G-Tech are way superior, not sure I'd call them sexy but they are a professional solution - you get what you pay for.
Colin McDonald March 30th, 2008, 08:31 AM Lacie are cheap and have a tendency to sleep a little too long for my liking but they're perfectly adequate for most DV/HDV applications.
They're not that robust, I've had three die on me for various reasons, but as long as you treat them gently and you back-up properly you'll be fine.
G-Tech are way superior, not sure I'd call them sexy but they are a professional solution - you get what you pay for.

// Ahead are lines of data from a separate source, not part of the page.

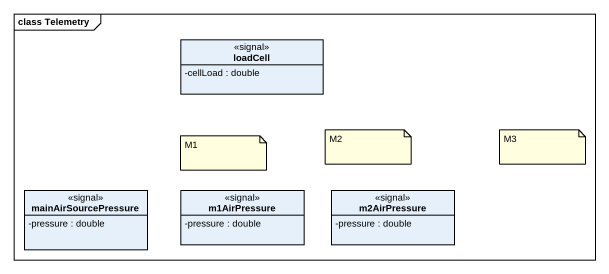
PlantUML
@startuml
mainframe class Telemetry
hide circle
hide empty members
skinparam classAttributeIconSize 0
class loadCell <<signal>> {
  -cellLoad : double
}
class mainAirSourcePressure <<signal>> {
  -pressure : double
}
class m1AirPressure <<signal>> {
  -pressure : double
}
class m2AirPressure <<signal>> {
  -pressure : double
}
note as N1
  M1
end note
note as N2
  M2
end note
note as N3
  M3
end note
@enduml

Seconded. I quite like my LaCie drives, and none of them have given any bother though I've been warned about their reliability by a data recovery tech.
You've probably found this thread already:
http://www.dvinfo.net/conf/showthread.php?p=804986
I would go with G-Tech if those who have used both LaCie and G-Tech recommend it. But back up anyway, whatever you get.
Robert Lane March 30th, 2008, 10:22 AM If you want the best possible solution for an external drive, you can purchase a bare FW enclosure from OWC (www.macsales.com) and install your own drive of choice. The enclosures OWC makes have the best, most robust Oxford chipsets, their customer service is the best in the industry, and when you pick your own drive you can select an "enterprise class" SATA drive which has a longer warranty and better heat-dissipation characteristics than the standard "consumer" drives.
Right now the Hitachi and Seagate TB drives have the best performance for money and you can get an enterprise-class TB HDD for under $400.
David Tamés March 30th, 2008, 11:39 PM G-Tech are way superior [...] you get what you pay for. If you really care about your data you will, first, buy drives that are designed to run cool with either fans or properly designed heat-sinks (G-Tech Drives qualify) and second, BACK UP YOUR DATA. Drives fail. Work as if they do. That's the reality.
I had a hard drive fail in the middle of a project a few weeks ago. I had a copy of all of the critical files. No sweat. No stress. A copy of your video on a second drive that is off line is good practice for important files, and if you're really careful, keep a third drive off site for the really important stuff. Drives are so cheap these days.
G-Tech Drives are backed by a 3-year warranty and they have good technical support, I know some folks who have had to get drives replaced and it's been done quickly and without hassle. I don't own any myself (being a fan of using bare SATA drives myself), but I did use several of them in a previous job.
As far as LaCie goes, there's no special love there. I've had two fail on me, they seem to run hotter than the G-Techs, maybe that heat sink at the bottom of the G-Tech drives really makes a difference. In the end, though, all drives are delicate electro-mechanical devices always on the brink of failure.